(Records from a dataset)
....
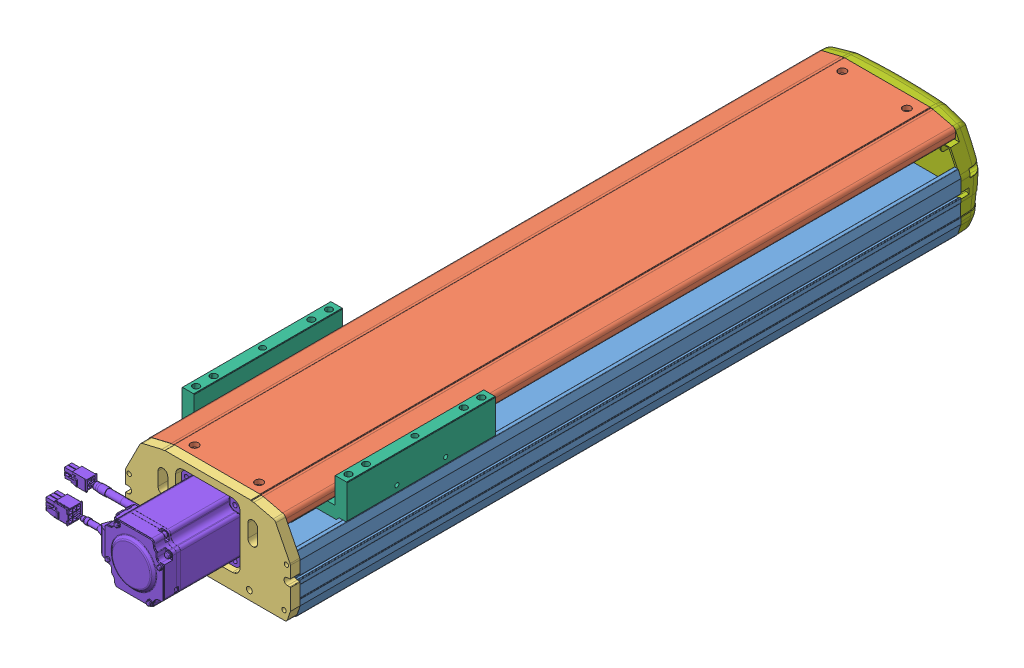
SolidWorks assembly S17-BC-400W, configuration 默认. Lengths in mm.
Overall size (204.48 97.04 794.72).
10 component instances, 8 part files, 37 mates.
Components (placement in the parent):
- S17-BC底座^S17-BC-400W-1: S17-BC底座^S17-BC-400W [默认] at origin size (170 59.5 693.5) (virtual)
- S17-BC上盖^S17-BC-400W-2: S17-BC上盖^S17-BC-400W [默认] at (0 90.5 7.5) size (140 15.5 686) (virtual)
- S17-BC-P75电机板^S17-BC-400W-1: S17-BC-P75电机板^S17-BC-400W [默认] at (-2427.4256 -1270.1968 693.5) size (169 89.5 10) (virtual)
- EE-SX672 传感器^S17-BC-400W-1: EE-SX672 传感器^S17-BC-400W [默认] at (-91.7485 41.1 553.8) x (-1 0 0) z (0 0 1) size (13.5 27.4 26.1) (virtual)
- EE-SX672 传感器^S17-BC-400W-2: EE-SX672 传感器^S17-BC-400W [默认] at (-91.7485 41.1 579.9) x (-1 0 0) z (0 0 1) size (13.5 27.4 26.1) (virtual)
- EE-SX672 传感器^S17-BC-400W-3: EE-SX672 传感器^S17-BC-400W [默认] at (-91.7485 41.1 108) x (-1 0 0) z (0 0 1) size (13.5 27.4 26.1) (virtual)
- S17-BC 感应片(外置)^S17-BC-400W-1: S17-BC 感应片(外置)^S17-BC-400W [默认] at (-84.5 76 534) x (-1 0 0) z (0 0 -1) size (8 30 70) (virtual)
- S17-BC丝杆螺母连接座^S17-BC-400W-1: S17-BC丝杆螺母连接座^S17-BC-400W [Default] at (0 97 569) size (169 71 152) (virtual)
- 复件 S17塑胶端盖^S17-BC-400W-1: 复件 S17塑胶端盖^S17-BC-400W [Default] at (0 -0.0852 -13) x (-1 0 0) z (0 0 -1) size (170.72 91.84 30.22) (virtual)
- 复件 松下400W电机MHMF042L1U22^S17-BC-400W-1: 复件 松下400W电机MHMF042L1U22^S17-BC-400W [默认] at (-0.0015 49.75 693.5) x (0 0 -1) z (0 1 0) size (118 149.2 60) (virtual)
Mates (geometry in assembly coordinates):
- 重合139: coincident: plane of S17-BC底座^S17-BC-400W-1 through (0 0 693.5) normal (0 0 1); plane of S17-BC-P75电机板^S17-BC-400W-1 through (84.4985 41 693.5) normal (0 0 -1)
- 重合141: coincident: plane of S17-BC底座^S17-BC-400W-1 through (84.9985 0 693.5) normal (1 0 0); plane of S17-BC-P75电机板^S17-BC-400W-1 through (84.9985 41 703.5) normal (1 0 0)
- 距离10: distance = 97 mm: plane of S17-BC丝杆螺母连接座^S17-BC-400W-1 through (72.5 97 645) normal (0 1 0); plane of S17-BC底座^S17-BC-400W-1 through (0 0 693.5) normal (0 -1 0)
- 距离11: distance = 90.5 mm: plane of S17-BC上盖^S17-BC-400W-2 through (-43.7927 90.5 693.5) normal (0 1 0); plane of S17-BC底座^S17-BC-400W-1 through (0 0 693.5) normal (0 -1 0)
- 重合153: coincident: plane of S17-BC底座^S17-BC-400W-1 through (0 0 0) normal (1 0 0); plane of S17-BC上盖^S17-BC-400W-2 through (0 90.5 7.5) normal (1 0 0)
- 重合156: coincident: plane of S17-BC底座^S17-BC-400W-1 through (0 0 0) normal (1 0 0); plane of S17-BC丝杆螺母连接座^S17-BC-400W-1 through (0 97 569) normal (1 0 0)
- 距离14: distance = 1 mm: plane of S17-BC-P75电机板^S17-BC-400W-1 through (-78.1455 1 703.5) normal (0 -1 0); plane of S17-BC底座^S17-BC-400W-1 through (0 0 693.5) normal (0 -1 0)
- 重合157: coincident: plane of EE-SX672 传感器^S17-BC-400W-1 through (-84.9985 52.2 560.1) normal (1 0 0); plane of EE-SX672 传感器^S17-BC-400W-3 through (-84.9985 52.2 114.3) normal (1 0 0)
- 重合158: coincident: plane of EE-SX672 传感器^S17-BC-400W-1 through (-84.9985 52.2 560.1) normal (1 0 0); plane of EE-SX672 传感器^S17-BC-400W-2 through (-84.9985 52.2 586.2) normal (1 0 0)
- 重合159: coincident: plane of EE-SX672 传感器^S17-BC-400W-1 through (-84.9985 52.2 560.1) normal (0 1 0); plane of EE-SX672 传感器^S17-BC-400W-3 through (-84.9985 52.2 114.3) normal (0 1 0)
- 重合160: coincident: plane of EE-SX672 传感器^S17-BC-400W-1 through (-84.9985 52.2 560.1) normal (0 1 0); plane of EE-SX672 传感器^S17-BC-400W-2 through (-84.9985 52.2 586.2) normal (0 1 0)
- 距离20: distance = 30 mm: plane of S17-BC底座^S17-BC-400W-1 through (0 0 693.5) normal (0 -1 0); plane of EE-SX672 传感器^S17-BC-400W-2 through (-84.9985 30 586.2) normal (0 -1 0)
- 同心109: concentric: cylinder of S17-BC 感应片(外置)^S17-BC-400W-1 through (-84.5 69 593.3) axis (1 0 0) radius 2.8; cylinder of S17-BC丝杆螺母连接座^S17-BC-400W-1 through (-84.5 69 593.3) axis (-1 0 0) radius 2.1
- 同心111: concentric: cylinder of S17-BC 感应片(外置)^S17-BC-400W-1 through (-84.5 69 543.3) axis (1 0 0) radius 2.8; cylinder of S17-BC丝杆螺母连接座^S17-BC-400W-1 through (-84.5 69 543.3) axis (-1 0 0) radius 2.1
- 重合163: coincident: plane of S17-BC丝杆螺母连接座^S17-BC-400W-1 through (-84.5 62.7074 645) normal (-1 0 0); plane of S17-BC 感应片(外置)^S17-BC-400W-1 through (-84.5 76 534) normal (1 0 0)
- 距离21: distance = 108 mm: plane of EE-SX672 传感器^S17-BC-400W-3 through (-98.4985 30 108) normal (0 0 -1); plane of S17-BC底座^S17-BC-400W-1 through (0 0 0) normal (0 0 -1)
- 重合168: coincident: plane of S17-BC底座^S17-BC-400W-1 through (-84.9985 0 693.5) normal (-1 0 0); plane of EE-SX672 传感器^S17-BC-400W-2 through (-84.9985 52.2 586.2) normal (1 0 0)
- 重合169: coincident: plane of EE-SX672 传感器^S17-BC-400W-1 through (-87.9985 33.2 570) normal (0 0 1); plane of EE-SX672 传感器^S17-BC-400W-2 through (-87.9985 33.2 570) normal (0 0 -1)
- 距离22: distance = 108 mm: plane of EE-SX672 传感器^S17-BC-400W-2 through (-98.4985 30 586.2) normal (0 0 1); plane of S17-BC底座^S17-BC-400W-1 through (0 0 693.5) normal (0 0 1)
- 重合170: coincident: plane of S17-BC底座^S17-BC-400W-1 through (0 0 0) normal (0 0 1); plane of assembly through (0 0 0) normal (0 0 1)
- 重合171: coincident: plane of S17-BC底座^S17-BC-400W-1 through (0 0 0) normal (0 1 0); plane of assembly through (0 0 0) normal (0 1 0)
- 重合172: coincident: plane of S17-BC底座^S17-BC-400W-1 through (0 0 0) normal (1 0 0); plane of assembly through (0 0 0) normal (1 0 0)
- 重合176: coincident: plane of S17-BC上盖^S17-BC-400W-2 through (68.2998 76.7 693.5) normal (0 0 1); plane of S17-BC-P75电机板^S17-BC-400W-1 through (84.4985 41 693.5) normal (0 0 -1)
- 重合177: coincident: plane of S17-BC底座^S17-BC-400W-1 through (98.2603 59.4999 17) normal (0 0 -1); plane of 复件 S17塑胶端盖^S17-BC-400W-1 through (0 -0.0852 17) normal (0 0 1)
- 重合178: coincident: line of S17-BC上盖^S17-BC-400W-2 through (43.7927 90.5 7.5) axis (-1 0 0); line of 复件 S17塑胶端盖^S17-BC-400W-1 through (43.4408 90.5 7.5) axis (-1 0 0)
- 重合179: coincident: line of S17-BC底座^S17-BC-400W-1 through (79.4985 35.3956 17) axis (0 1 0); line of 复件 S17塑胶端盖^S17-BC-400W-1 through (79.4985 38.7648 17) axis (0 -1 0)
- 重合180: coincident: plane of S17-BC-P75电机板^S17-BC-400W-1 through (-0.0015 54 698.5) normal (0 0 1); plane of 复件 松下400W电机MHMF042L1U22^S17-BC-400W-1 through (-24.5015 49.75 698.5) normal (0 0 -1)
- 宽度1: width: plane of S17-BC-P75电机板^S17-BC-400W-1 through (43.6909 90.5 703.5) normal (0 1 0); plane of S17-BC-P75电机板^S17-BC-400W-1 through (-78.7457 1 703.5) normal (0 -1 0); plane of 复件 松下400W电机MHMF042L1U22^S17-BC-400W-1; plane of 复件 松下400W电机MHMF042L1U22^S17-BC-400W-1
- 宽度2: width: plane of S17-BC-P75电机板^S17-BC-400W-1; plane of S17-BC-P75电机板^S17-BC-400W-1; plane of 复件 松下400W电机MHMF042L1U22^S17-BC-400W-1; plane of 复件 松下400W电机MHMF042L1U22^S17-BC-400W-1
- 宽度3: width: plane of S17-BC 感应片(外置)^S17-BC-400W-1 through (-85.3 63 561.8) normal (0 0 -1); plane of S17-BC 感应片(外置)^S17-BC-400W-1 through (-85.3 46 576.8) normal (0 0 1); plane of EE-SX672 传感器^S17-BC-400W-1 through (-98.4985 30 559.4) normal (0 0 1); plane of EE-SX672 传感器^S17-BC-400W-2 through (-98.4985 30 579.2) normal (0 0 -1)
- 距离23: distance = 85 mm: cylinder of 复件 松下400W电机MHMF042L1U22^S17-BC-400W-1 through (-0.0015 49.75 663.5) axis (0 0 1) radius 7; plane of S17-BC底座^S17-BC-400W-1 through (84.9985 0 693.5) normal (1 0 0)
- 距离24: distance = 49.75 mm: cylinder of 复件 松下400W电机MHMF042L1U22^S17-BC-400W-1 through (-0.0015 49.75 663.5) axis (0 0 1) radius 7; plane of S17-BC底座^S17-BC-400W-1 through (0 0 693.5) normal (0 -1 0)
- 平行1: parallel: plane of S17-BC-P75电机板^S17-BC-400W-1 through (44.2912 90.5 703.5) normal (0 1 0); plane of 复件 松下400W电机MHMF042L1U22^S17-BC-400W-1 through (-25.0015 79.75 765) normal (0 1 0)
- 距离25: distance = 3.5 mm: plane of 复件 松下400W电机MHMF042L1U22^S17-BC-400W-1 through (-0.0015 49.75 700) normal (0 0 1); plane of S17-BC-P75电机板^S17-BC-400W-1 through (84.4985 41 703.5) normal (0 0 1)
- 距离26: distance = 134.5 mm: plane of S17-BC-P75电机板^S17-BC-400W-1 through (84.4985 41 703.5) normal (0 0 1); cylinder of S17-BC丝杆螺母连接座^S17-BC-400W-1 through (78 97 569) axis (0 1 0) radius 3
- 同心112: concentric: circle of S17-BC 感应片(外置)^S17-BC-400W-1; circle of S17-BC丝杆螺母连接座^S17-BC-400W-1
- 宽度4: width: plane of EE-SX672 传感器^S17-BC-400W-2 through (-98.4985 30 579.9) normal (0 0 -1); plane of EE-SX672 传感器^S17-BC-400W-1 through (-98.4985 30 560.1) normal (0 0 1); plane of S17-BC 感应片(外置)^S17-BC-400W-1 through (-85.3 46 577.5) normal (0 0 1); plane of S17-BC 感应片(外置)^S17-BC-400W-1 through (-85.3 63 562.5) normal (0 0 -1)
....
Aim of the task: From the records above, retype only the lines starting at the line that contains "Mates (geometry in" and ending at the line that contains "- 重合159: coincident: plane", both included.

Response:
Mates (geometry in assembly coordinates):
- 重合139: coincident: plane of S17-BC底座^S17-BC-400W-1 through (0 0 693.5) normal (0 0 1); plane of S17-BC-P75电机板^S17-BC-400W-1 through (84.4985 41 693.5) normal (0 0 -1)
- 重合141: coincident: plane of S17-BC底座^S17-BC-400W-1 through (84.9985 0 693.5) normal (1 0 0); plane of S17-BC-P75电机板^S17-BC-400W-1 through (84.9985 41 703.5) normal (1 0 0)
- 距离10: distance = 97 mm: plane of S17-BC丝杆螺母连接座^S17-BC-400W-1 through (72.5 97 645) normal (0 1 0); plane of S17-BC底座^S17-BC-400W-1 through (0 0 693.5) normal (0 -1 0)
- 距离11: distance = 90.5 mm: plane of S17-BC上盖^S17-BC-400W-2 through (-43.7927 90.5 693.5) normal (0 1 0); plane of S17-BC底座^S17-BC-400W-1 through (0 0 693.5) normal (0 -1 0)
- 重合153: coincident: plane of S17-BC底座^S17-BC-400W-1 through (0 0 0) normal (1 0 0); plane of S17-BC上盖^S17-BC-400W-2 through (0 90.5 7.5) normal (1 0 0)
- 重合156: coincident: plane of S17-BC底座^S17-BC-400W-1 through (0 0 0) normal (1 0 0); plane of S17-BC丝杆螺母连接座^S17-BC-400W-1 through (0 97 569) normal (1 0 0)
- 距离14: distance = 1 mm: plane of S17-BC-P75电机板^S17-BC-400W-1 through (-78.1455 1 703.5) normal (0 -1 0); plane of S17-BC底座^S17-BC-400W-1 through (0 0 693.5) normal (0 -1 0)
- 重合157: coincident: plane of EE-SX672 传感器^S17-BC-400W-1 through (-84.9985 52.2 560.1) normal (1 0 0); plane of EE-SX672 传感器^S17-BC-400W-3 through (-84.9985 52.2 114.3) normal (1 0 0)
- 重合158: coincident: plane of EE-SX672 传感器^S17-BC-400W-1 through (-84.9985 52.2 560.1) normal (1 0 0); plane of EE-SX672 传感器^S17-BC-400W-2 through (-84.9985 52.2 586.2) normal (1 0 0)
- 重合159: coincident: plane of EE-SX672 传感器^S17-BC-400W-1 through (-84.9985 52.2 560.1) normal (0 1 0); plane of EE-SX672 传感器^S17-BC-400W-3 through (-84.9985 52.2 114.3) normal (0 1 0)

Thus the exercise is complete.